◆ **What is required**:
Among the records that follow, set down only the lines from the one containing "import ezdxf" to the one containing "doc.styles.add('Narrow', font='ARIALN.TTF')", both included, exactly.

--*--

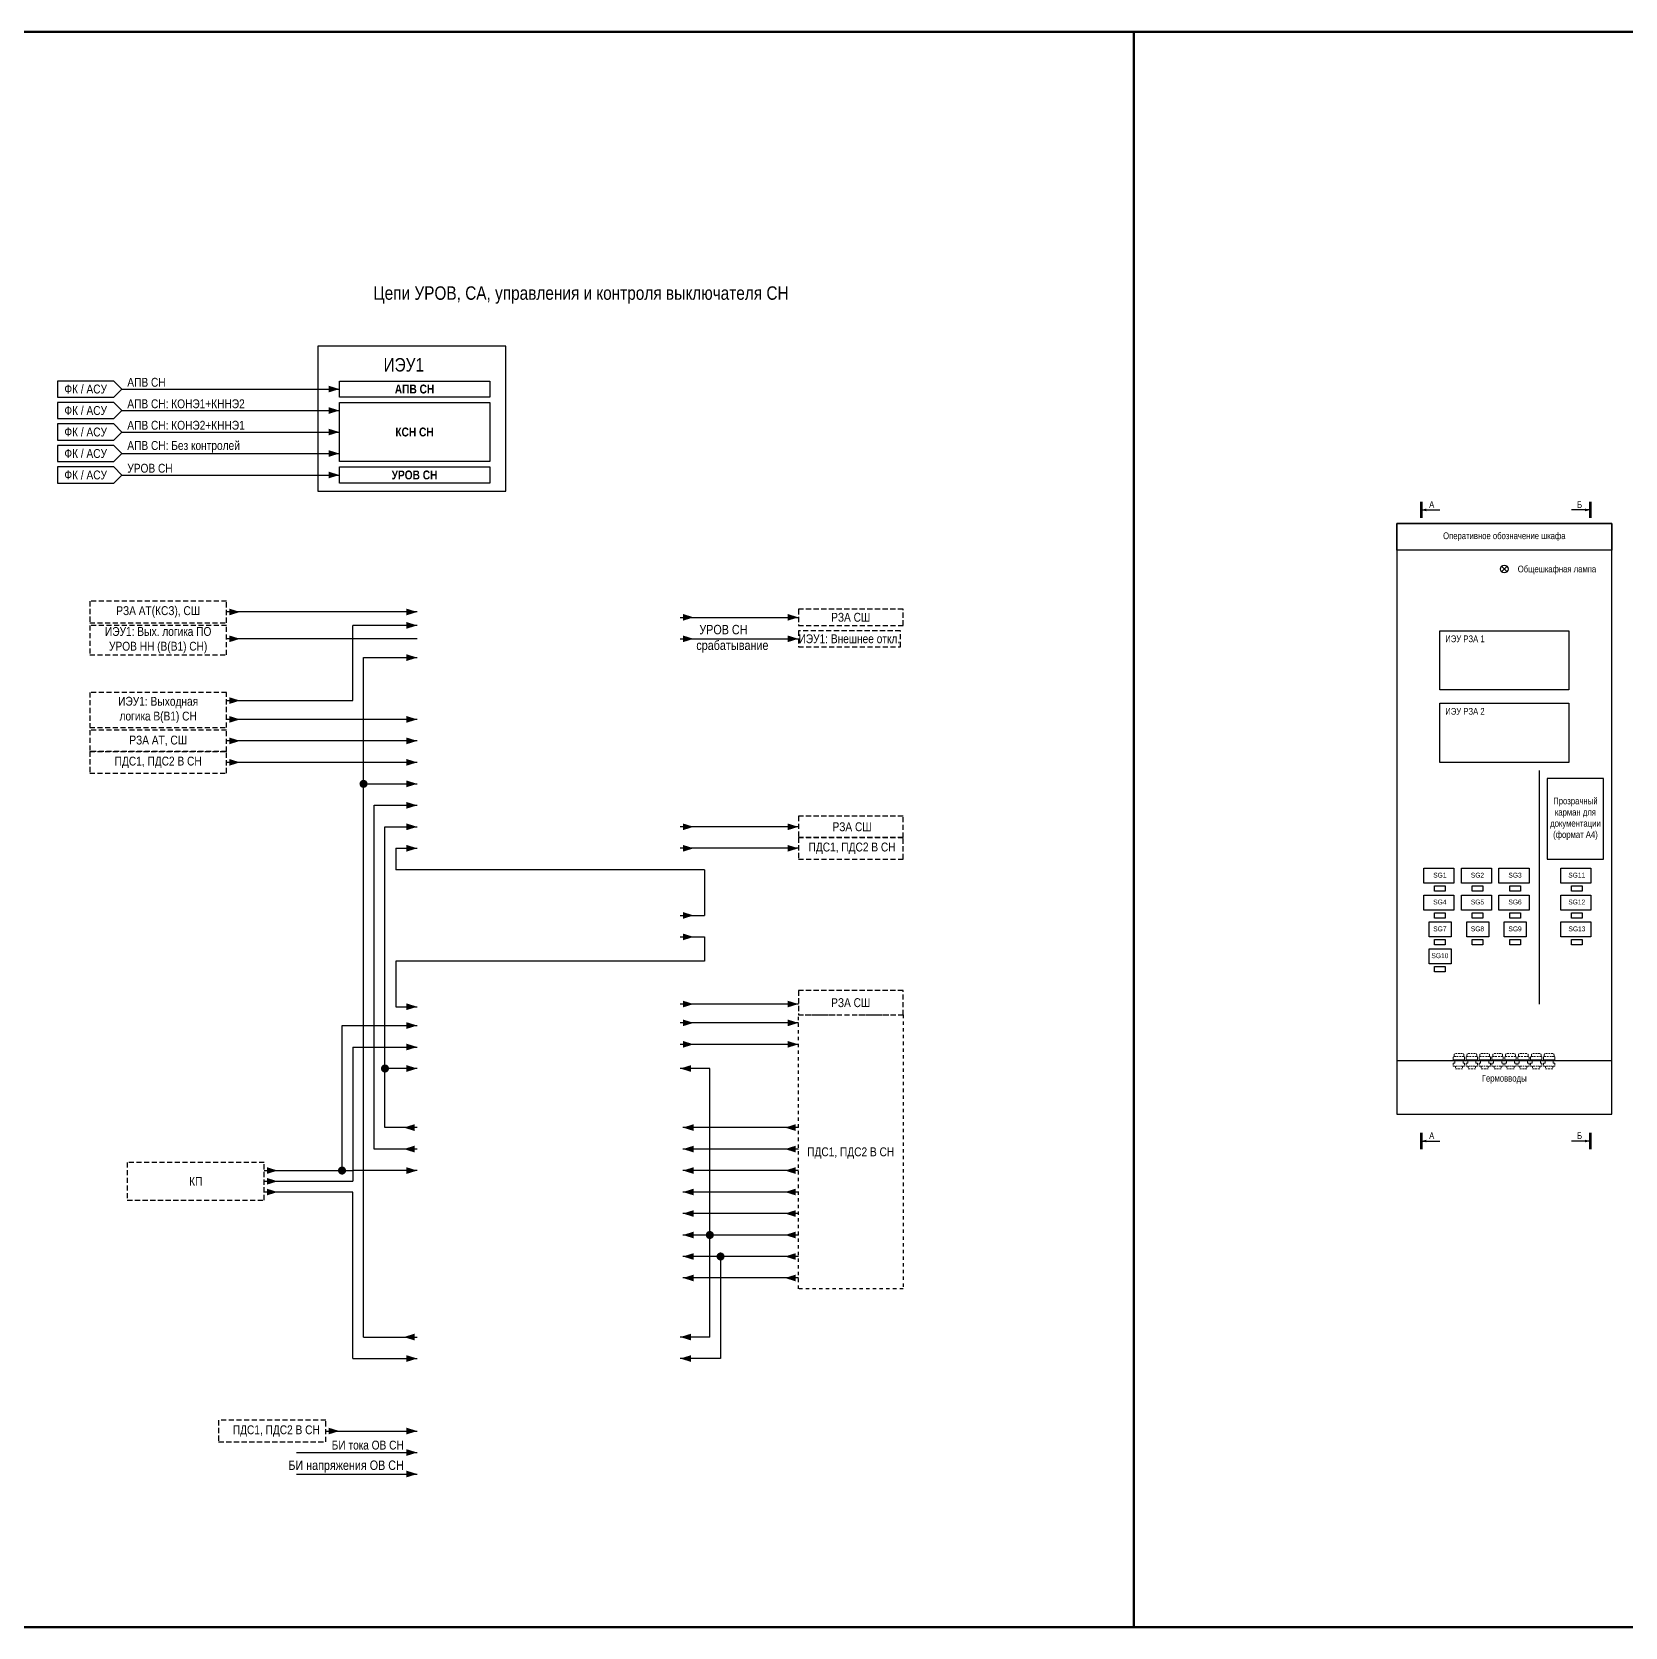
# Model space of a CAD drawing. Header units: millimetres. Extents: x 25558 to 49929, y 1902 to 19390.
# Drawn here: x 34783 to 35377, y 15827 to 16421 of the extents above; entities that cross this region are included whole.
import ezdxf
from ezdxf.enums import TextEntityAlignment as Align

# ---------------------------------------------------------------- set-up
doc = ezdxf.new("R2010")
doc.units = ezdxf.units.MM
for name, pattern in [('HIDDEN', [9.525, 6.35, -3.175]), ('JIS_02_1.2', [2.5, 1.25, -1.25]), ('штриховая2', [9.525, 6.35, -3.175])]:
    doc.linetypes.add(name, pattern=pattern)
for name, color, linetype, lineweight in [('Основная', 7, 'Continuous', 30), ('Отключение_включение', 1, 'Continuous', 30), ('Толстая', 7, 'Continuous', 53), ('Тонкая', 7, 'Continuous', 5), ('Цепи внешние', 84, 'Continuous', 30), ('Цепи внутренние', 5, 'Continuous', 30), ('Цепь - ФК и АСУ', 132, 'Continuous', 30)]:
    doc.layers.add(name, color=color, linetype=linetype, lineweight=lineweight)
doc.styles.add('Narrow', font='ARIALN.TTF')

# ---------------------------------------------------------------- blocks, each defined once
blk = doc.blocks.new('Point')
at = {"layer": 'Основная', "color": 0, "const_width": 1.5}
blk.add_lwpolyline([(-0.75, 0, 1), (0.75, 0, 1)], format="xyb", close=True, dxfattribs=at)

msp = doc.modelspace()

# ---------------------------------------------------------------- linework, layer by layer
at = {"linetype": 'HIDDEN', "ltscale": 100}
msp.add_line((35345, 16146), (35345, 16059), dxfattribs=at)
at = {"linetype": 'штриховая2', "lineweight": 13, "ltscale": 0.1}
for p, q in [((35312.99, 16039.25), (35312.99, 16038)), ((35312.99, 16038), (35312.99, 16039.25)), ((35313.28, 16039.92), (35313.28, 16039.44)), ((35313.28, 16039.44), (35315.1, 16039.44)), ((35313.56, 16036.94), (35313.56, 16038)), ((35313.85, 16040.59), (35315.1, 16040.59)), ((35316.35, 16040.59), (35315.1, 16040.59)), ((35316.92, 16039.44), (35315.1, 16039.44)), ((35316.64, 16036.94), (35316.64, 16038)), ((35316.92, 16039.92), (35316.92, 16039.44)), ((35317.21, 16039.25), (35317.21, 16038)), ((35317.21, 16038), (35317.21, 16039.25)), ((35318.08, 16039.92), (35318.08, 16039.44)), ((35318.08, 16039.44), (35319.9, 16039.44)), ((35318.36, 16036.94), (35318.36, 16038)), ((35318.65, 16040.59), (35319.9, 16040.59)), ((35321.15, 16040.59), (35319.9, 16040.59)), ((35321.72, 16039.44), (35319.9, 16039.44)), ((35321.44, 16036.94), (35321.44, 16038)), ((35321.72, 16039.92), (35321.72, 16039.44)), ((35322.01, 16039.25), (35322.01, 16038)), ((35322.01, 16038), (35322.01, 16039.25)), ((35322.59, 16039.25), (35322.59, 16038)), ((35322.59, 16038), (35322.59, 16039.25)), ((35322.88, 16039.92), (35322.88, 16039.44)), ((35322.88, 16039.44), (35324.7, 16039.44)), ((35323.16, 16036.94), (35323.16, 16038)), ((35323.45, 16040.59), (35324.7, 16040.59)), ((35325.95, 16040.59), (35324.7, 16040.59)), ((35326.52, 16039.44), (35324.7, 16039.44)), ((35326.24, 16036.94), (35326.24, 16038)), ((35326.52, 16039.92), (35326.52, 16039.44)), ((35326.81, 16039.25), (35326.81, 16038)), ((35326.81, 16038), (35326.81, 16039.25)), ((35327.39, 16039.25), (35327.39, 16038)), ((35327.39, 16038), (35327.39, 16039.25)), ((35327.68, 16039.92), (35327.68, 16039.44)), ((35327.68, 16039.44), (35329.5, 16039.44)), ((35327.96, 16036.94), (35327.96, 16038)), ((35328.25, 16040.59), (35329.5, 16040.59)), ((35330.75, 16040.59), (35329.5, 16040.59)), ((35331.32, 16039.44), (35329.5, 16039.44)), ((35331.04, 16036.94), (35331.04, 16038)), ((35331.32, 16039.92), (35331.32, 16039.44)), ((35331.61, 16039.25), (35331.61, 16038)), ((35331.61, 16038), (35331.61, 16039.25)), ((35332.19, 16039.25), (35332.19, 16038)), ((35332.19, 16038), (35332.19, 16039.25)), ((35332.19, 16039.25), (35332.19, 16038)), ((35332.19, 16038), (35332.19, 16039.25)), ((35332.48, 16039.92), (35332.48, 16039.44)), ((35332.48, 16039.44), (35334.3, 16039.44)), ((35332.76, 16036.94), (35332.76, 16038)), ((35333.05, 16040.59), (35334.3, 16040.59)), ((35335.55, 16040.59), (35334.3, 16040.59)), ((35336.12, 16039.44), (35334.3, 16039.44)), ((35335.84, 16036.94), (35335.84, 16038)), ((35336.12, 16039.92), (35336.12, 16039.44)), ((35336.41, 16039.25), (35336.41, 16038)), ((35336.41, 16038), (35336.41, 16039.25)), ((35336.99, 16039.25), (35336.99, 16038)), ((35336.99, 16038), (35336.99, 16039.25)), ((35337.28, 16039.92), (35337.28, 16039.44)), ((35337.28, 16039.44), (35339.1, 16039.44)), ((35337.56, 16036.94), (35337.56, 16038)), ((35337.85, 16040.59), (35339.1, 16040.59)), ((35340.35, 16040.59), (35339.1, 16040.59)), ((35340.92, 16039.44), (35339.1, 16039.44)), ((35340.64, 16036.94), (35340.64, 16038)), ((35340.92, 16039.92), (35340.92, 16039.44)), ((35341.21, 16039.25), (35341.21, 16038)), ((35341.21, 16038), (35341.21, 16039.25)), ((35341.79, 16039.25), (35341.79, 16038)), ((35341.79, 16038), (35341.79, 16039.25)), ((35342.08, 16039.92), (35342.08, 16039.44)), ((35342.08, 16039.44), (35343.9, 16039.44)), ((35342.36, 16036.94), (35342.36, 16038)), ((35342.65, 16040.59), (35343.9, 16040.59)), ((35345.15, 16040.59), (35343.9, 16040.59)), ((35345.72, 16039.44), (35343.9, 16039.44)), ((35345.44, 16036.94), (35345.44, 16038)), ((35345.72, 16039.92), (35345.72, 16039.44)), ((35346.01, 16039.25), (35346.01, 16038)), ((35346.01, 16038), (35346.01, 16039.25)), ((35346.59, 16039.25), (35346.59, 16038)), ((35346.59, 16038), (35346.59, 16039.25)), ((35346.88, 16039.92), (35346.88, 16039.44)), ((35346.88, 16039.44), (35348.7, 16039.44)), ((35347.16, 16036.94), (35347.16, 16038)), ((35347.45, 16040.59), (35348.7, 16040.59)), ((35349.95, 16040.59), (35348.7, 16040.59)), ((35350.52, 16039.44), (35348.7, 16039.44)), ((35350.24, 16036.94), (35350.24, 16038)), ((35350.52, 16039.92), (35350.52, 16039.44)), ((35350.81, 16039.25), (35350.81, 16038)), ((35350.81, 16038), (35350.81, 16039.25)), ((35312.99, 16036.94), (35312.99, 16035.89)), ((35312.99, 16036.94), (35313.56, 16036.94)), ((35312.99, 16035.89), (35315.1, 16035.89)), ((35313.76, 16035.89), (35313.76, 16034.83)), ((35313.76, 16034.83), (35315.1, 16034.83)), ((35317.21, 16035.89), (35315.1, 16035.89)), ((35316.44, 16034.83), (35315.1, 16034.83)), ((35316.44, 16035.89), (35316.44, 16034.83)), ((35317.21, 16036.94), (35316.64, 16036.94)), ((35317.21, 16036.94), (35317.21, 16035.89)), ((35317.79, 16036.94), (35317.79, 16035.89)), ((35317.79, 16036.94), (35318.36, 16036.94)), ((35317.79, 16035.89), (35319.9, 16035.89)), ((35318.56, 16035.89), (35318.56, 16034.83)), ((35318.56, 16034.83), (35319.9, 16034.83)), ((35322.01, 16035.89), (35319.9, 16035.89)), ((35321.24, 16034.83), (35319.9, 16034.83)), ((35321.24, 16035.89), (35321.24, 16034.83)), ((35322.01, 16036.94), (35321.44, 16036.94)), ((35322.01, 16036.94), (35322.01, 16035.89)), ((35322.59, 16036.94), (35322.59, 16035.89)), ((35322.59, 16036.94), (35323.16, 16036.94)), ((35322.59, 16035.89), (35324.7, 16035.89)), ((35323.36, 16035.89), (35323.36, 16034.83)), ((35323.36, 16034.83), (35324.7, 16034.83)), ((35326.81, 16035.89), (35324.7, 16035.89)), ((35326.04, 16034.83), (35324.7, 16034.83)), ((35326.04, 16035.89), (35326.04, 16034.83)), ((35326.81, 16036.94), (35326.24, 16036.94)), ((35326.81, 16036.94), (35326.81, 16035.89)), ((35327.39, 16036.94), (35327.39, 16035.89)), ((35327.39, 16036.94), (35327.96, 16036.94)), ((35327.39, 16035.89), (35329.5, 16035.89)), ((35328.16, 16035.89), (35328.16, 16034.83)), ((35328.16, 16034.83), (35329.5, 16034.83)), ((35331.61, 16035.89), (35329.5, 16035.89)), ((35330.84, 16034.83), (35329.5, 16034.83)), ((35330.84, 16035.89), (35330.84, 16034.83)), ((35331.61, 16036.94), (35331.04, 16036.94)), ((35331.61, 16036.94), (35331.61, 16035.89)), ((35332.19, 16036.94), (35332.19, 16035.89)), ((35332.19, 16036.94), (35332.76, 16036.94)), ((35332.19, 16036.94), (35332.19, 16035.89)), ((35332.19, 16035.89), (35334.3, 16035.89)), ((35332.96, 16035.89), (35332.96, 16034.83)), ((35332.96, 16034.83), (35334.3, 16034.83)), ((35336.41, 16035.89), (35334.3, 16035.89)), ((35335.64, 16034.83), (35334.3, 16034.83)), ((35335.64, 16035.89), (35335.64, 16034.83)), ((35336.41, 16036.94), (35335.84, 16036.94)), ((35336.41, 16036.94), (35336.41, 16035.89)), ((35336.99, 16036.94), (35336.99, 16035.89)), ((35336.99, 16036.94), (35337.56, 16036.94)), ((35336.99, 16035.89), (35339.1, 16035.89)), ((35337.76, 16035.89), (35337.76, 16034.83)), ((35337.76, 16034.83), (35339.1, 16034.83)), ((35341.21, 16035.89), (35339.1, 16035.89)), ((35340.44, 16034.83), (35339.1, 16034.83)), ((35340.44, 16035.89), (35340.44, 16034.83)), ((35341.21, 16036.94), (35340.64, 16036.94)), ((35341.21, 16036.94), (35341.21, 16035.89)), ((35341.79, 16036.94), (35341.79, 16035.89)), ((35341.79, 16036.94), (35342.36, 16036.94)), ((35341.79, 16035.89), (35343.9, 16035.89)), ((35342.56, 16035.89), (35342.56, 16034.83)), ((35342.56, 16034.83), (35343.9, 16034.83)), ((35346.01, 16035.89), (35343.9, 16035.89)), ((35345.24, 16034.83), (35343.9, 16034.83)), ((35345.24, 16035.89), (35345.24, 16034.83)), ((35346.01, 16036.94), (35345.44, 16036.94)), ((35346.01, 16036.94), (35346.01, 16035.89)), ((35346.59, 16036.94), (35346.59, 16035.89)), ((35346.59, 16036.94), (35347.16, 16036.94)), ((35346.59, 16035.89), (35348.7, 16035.89)), ((35347.36, 16035.89), (35347.36, 16034.83)), ((35347.36, 16034.83), (35348.7, 16034.83)), ((35350.81, 16035.89), (35348.7, 16035.89)), ((35350.04, 16034.83), (35348.7, 16034.83)), ((35350.04, 16035.89), (35350.04, 16034.83)), ((35350.81, 16036.94), (35350.24, 16036.94)), ((35350.81, 16036.94), (35350.81, 16035.89))]:
    msp.add_line(p, q, dxfattribs=at)
for points in [[(35312.99, 16039.25), (35313.02, 16039.3), (35313.09, 16039.36), (35313.14, 16039.4), (35313.19, 16039.42), (35313.25, 16039.43), (35313.28, 16039.44)], [(35313.28, 16039.92), (35313.29, 16040.1), (35313.32, 16040.23), (35313.38, 16040.36), (35313.47, 16040.47), (35313.58, 16040.54), (35313.72, 16040.59), (35313.95, 16040.59)], [(35316.92, 16039.92), (35316.91, 16040.1), (35316.88, 16040.23), (35316.82, 16040.36), (35316.74, 16040.47), (35316.63, 16040.54), (35316.48, 16040.59), (35316.25, 16040.59)], [(35317.21, 16039.25), (35317.18, 16039.3), (35317.11, 16039.36), (35317.06, 16039.4), (35317.01, 16039.42), (35316.95, 16039.43), (35316.92, 16039.44)], [(35317.79, 16039.25), (35317.82, 16039.3), (35317.89, 16039.36), (35317.94, 16039.4), (35317.99, 16039.42), (35318.05, 16039.43), (35318.08, 16039.44)], [(35318.08, 16039.92), (35318.09, 16040.1), (35318.12, 16040.23), (35318.18, 16040.36), (35318.27, 16040.47), (35318.38, 16040.54), (35318.52, 16040.59), (35318.75, 16040.59)], [(35321.72, 16039.92), (35321.71, 16040.1), (35321.68, 16040.23), (35321.62, 16040.36), (35321.54, 16040.47), (35321.43, 16040.54), (35321.28, 16040.59), (35321.05, 16040.59)], [(35322.01, 16039.25), (35321.98, 16039.3), (35321.91, 16039.36), (35321.86, 16039.4), (35321.81, 16039.42), (35321.75, 16039.43), (35321.72, 16039.44)], [(35322.59, 16039.25), (35322.62, 16039.3), (35322.69, 16039.36), (35322.74, 16039.4), (35322.79, 16039.42), (35322.85, 16039.43), (35322.88, 16039.44)], [(35322.88, 16039.92), (35322.89, 16040.1), (35322.92, 16040.23), (35322.98, 16040.36), (35323.07, 16040.47), (35323.18, 16040.54), (35323.32, 16040.59), (35323.55, 16040.59)], [(35326.52, 16039.92), (35326.51, 16040.1), (35326.48, 16040.23), (35326.42, 16040.36), (35326.34, 16040.47), (35326.23, 16040.54), (35326.08, 16040.59), (35325.85, 16040.59)], [(35326.81, 16039.25), (35326.78, 16039.3), (35326.71, 16039.36), (35326.66, 16039.4), (35326.61, 16039.42), (35326.55, 16039.43), (35326.52, 16039.44)], [(35327.39, 16039.25), (35327.42, 16039.3), (35327.49, 16039.36), (35327.54, 16039.4), (35327.59, 16039.42), (35327.65, 16039.43), (35327.68, 16039.44)], [(35327.68, 16039.92), (35327.69, 16040.1), (35327.72, 16040.23), (35327.78, 16040.36), (35327.87, 16040.47), (35327.98, 16040.54), (35328.12, 16040.59), (35328.35, 16040.59)], [(35331.32, 16039.92), (35331.31, 16040.1), (35331.28, 16040.23), (35331.22, 16040.36), (35331.14, 16040.47), (35331.03, 16040.54), (35330.88, 16040.59), (35330.65, 16040.59)], [(35331.61, 16039.25), (35331.58, 16039.3), (35331.51, 16039.36), (35331.46, 16039.4), (35331.41, 16039.42), (35331.35, 16039.43), (35331.32, 16039.44)], [(35332.19, 16039.25), (35332.22, 16039.3), (35332.29, 16039.36), (35332.34, 16039.4), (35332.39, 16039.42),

--*--

◆ **Solution**:
import ezdxf
from ezdxf.enums import TextEntityAlignment as Align

# ---------------------------------------------------------------- set-up
doc = ezdxf.new("R2010")
doc.units = ezdxf.units.MM
for name, pattern in [('HIDDEN', [9.525, 6.35, -3.175]), ('JIS_02_1.2', [2.5, 1.25, -1.25]), ('штриховая2', [9.525, 6.35, -3.175])]:
    doc.linetypes.add(name, pattern=pattern)
for name, color, linetype, lineweight in [('Основная', 7, 'Continuous', 30), ('Отключение_включение', 1, 'Continuous', 30), ('Толстая', 7, 'Continuous', 53), ('Тонкая', 7, 'Continuous', 5), ('Цепи внешние', 84, 'Continuous', 30), ('Цепи внутренние', 5, 'Continuous', 30), ('Цепь - ФК и АСУ', 132, 'Continuous', 30)]:
    doc.layers.add(name, color=color, linetype=linetype, lineweight=lineweight)
doc.styles.add('Narrow', font='ARIALN.TTF')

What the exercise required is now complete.